I guess the answer is yes if we want to catch uses of BX in inline
assembly. A quick and not very thorough grep of arch/arm for 'bx'
doesn't seem to turn up any existing dodgy uses, except in the kprobes
test code I wrote :-(
diff mbox

Patch

diff --git a/arch/arm/Kconfig b/arch/arm/Kconfig
index 97d07ed..3d5dc2d 100644
--- a/arch/arm/Kconfig
+++ b/arch/arm/Kconfig
@@ -60,6 +60,7 @@  config ARM
 	select HAVE_MEMBLOCK
 	select HAVE_MOD_ARCH_SPECIFIC if ARM_UNWIND
 	select HAVE_OPROFILE if (HAVE_PERF_EVENTS)
+	select HAVE_OPTPROBES if !THUMB2_KERNEL
 	select HAVE_PERF_EVENTS
 	select HAVE_PERF_REGS
 	select HAVE_PERF_USER_STACK_DUMP
diff --git a/arch/arm/kernel/insn.h b/arch/arm/include/asm/insn.h
similarity index 100%
rename from arch/arm/kernel/insn.h
rename to arch/arm/include/asm/insn.h
diff --git a/arch/arm/include/asm/kprobes.h b/arch/arm/include/asm/kprobes.h
index 56f9ac6..50ff3bc 100644
--- a/arch/arm/include/asm/kprobes.h
+++ b/arch/arm/include/asm/kprobes.h
@@ -50,5 +50,34 @@  int kprobe_fault_handler(struct pt_regs *regs, unsigned int fsr);
 int kprobe_exceptions_notify(struct notifier_block *self,
 			     unsigned long val, void *data);
 
+/* optinsn template addresses */
+extern __visible kprobe_opcode_t optprobe_template_entry;
+extern __visible kprobe_opcode_t optprobe_template_val;
+extern __visible kprobe_opcode_t optprobe_template_call;
+extern __visible kprobe_opcode_t optprobe_template_end;
+extern __visible kprobe_opcode_t optprobe_template_sub_sp;
+extern __visible kprobe_opcode_t optprobe_template_add_sp;
+
+#define MAX_OPTIMIZED_LENGTH	4
+#define MAX_OPTINSN_SIZE				\
+	((unsigned long)&optprobe_template_end -	\
+	 (unsigned long)&optprobe_template_entry)
+#define RELATIVEJUMP_SIZE	4
+
+struct arch_optimized_insn {
+	/*
+	 * copy of the original instructions.
+	 * Different from x86, ARM kprobe_opcode_t is u32.
+	 */
+#define MAX_COPIED_INSN	DIV_ROUND_UP(RELATIVEJUMP_SIZE, sizeof(kprobe_opcode_t))

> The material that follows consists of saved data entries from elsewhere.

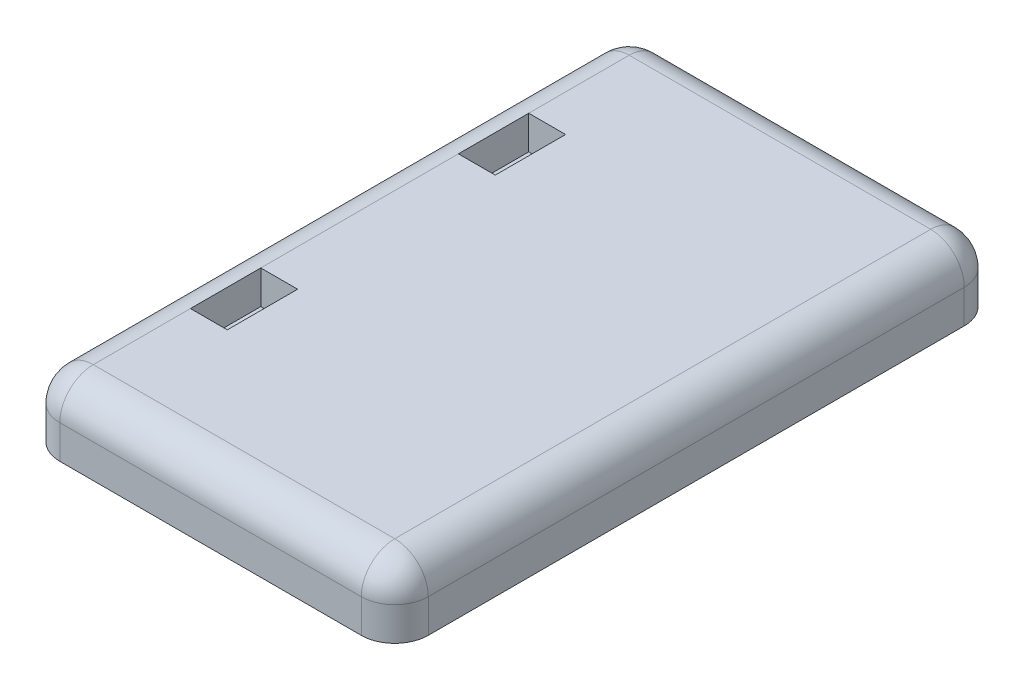
from build123d import *

# Parameters (mm, degrees)
SKETCH_2_W          = 55
SKETCH_2_H          = 90
EXTRUDE_1_DEPTH     = 10
FILLET_1_R          = 5
FILLET_2_R          = 5
FILLET_3_R          = 5
FILLET_4_R          = 5
SKETCH_3_W          = 5.5
SKETCH_3_H          = 10.5
CUT_EXTRUDE_1_DEPTH = 5


with BuildPart() as part:
    # 草图2 → 凸台-拉伸1 (new body)
    with BuildSketch(Plane(origin=(0, 0, 0), x_dir=(1, 0, 0), z_dir=(0, 1, 0))):
        Rectangle(SKETCH_2_W, SKETCH_2_H)
    extrude(amount=EXTRUDE_1_DEPTH)

    # 圆角1
    fillet_1_edges = [part.edges().sort_by_distance(p)[0] for p in [
        (-27.5, 10, 0),
    ]]
    fillet(fillet_1_edges, radius=FILLET_1_R)

    # 圆角2
    fillet_2_edges = [part.edges().sort_by_distance(p)[0] for p in [
        (-27.5, 2.5, -45),
        (-26.035533906, 8.535533906, -45),
        (2.5, 10, -45),
    ]]
    fillet(fillet_2_edges, radius=FILLET_2_R)

    # 圆角3
    fillet_3_edges = [part.edges().sort_by_distance(p)[0] for p in [
        (27.5, 2.5, -45),
        (27.5, 8.535533906, -43.535533906),
        (27.5, 10, 2.5),
    ]]
    fillet(fillet_3_edges, radius=FILLET_3_R)

    # 圆角4
    fillet_4_edges = [part.edges().sort_by_distance(p)[0] for p in [
        (0, 10, 45),
        (-27.5, 2.5, 45),
        (-26.035533906, 8.535533906, 45),
        (27.5, 2.5, 45),
        (26.035533906, 8.535533906, 45),
    ]]
    fillet(fillet_4_edges, radius=FILLET_4_R)

    # 草图3 → 切除-拉伸1 (cut)
    with BuildSketch(Plane(origin=(0, 10, 0), x_dir=(1, 0, 0), z_dir=(0, 1, 0))):
        with Locations((-19.75, 19.75)):
            Rectangle(SKETCH_3_W, SKETCH_3_H)
        with Locations((-19.75, -20.25)):
            Rectangle(SKETCH_3_W, SKETCH_3_H)
    extrude(amount=-CUT_EXTRUDE_1_DEPTH, mode=Mode.SUBTRACT)


solid = part.part

+	kprobe_opcode_t copied_insn[MAX_COPIED_INSN];
+	/* detour code buffer */
+	kprobe_opcode_t *insn;
+	/*
+	 * We always copy one instruction on ARM,
+	 * so size will always be 4, and unlike x86, there is no
+	 * need for a size field.
+	 */
+};
 
 #endif /* _ARM_KPROBES_H */
diff --git a/arch/arm/kernel/Makefile b/arch/arm/kernel/Makefile
index 9c51a43..902397d 100644
--- a/arch/arm/kernel/Makefile
+++ b/arch/arm/kernel/Makefile
@@ -52,7 +52,7 @@  obj-$(CONFIG_FUNCTION_GRAPH_TRACER)	+= ftrace.o insn.o
 obj-$(CONFIG_JUMP_LABEL)	+= jump_label.o insn.o patch.o
 obj-$(CONFIG_KEXEC)		+= machine_kexec.o relocate_kernel.o
 # Main staffs in KPROBES are in arch/arm/probes/ .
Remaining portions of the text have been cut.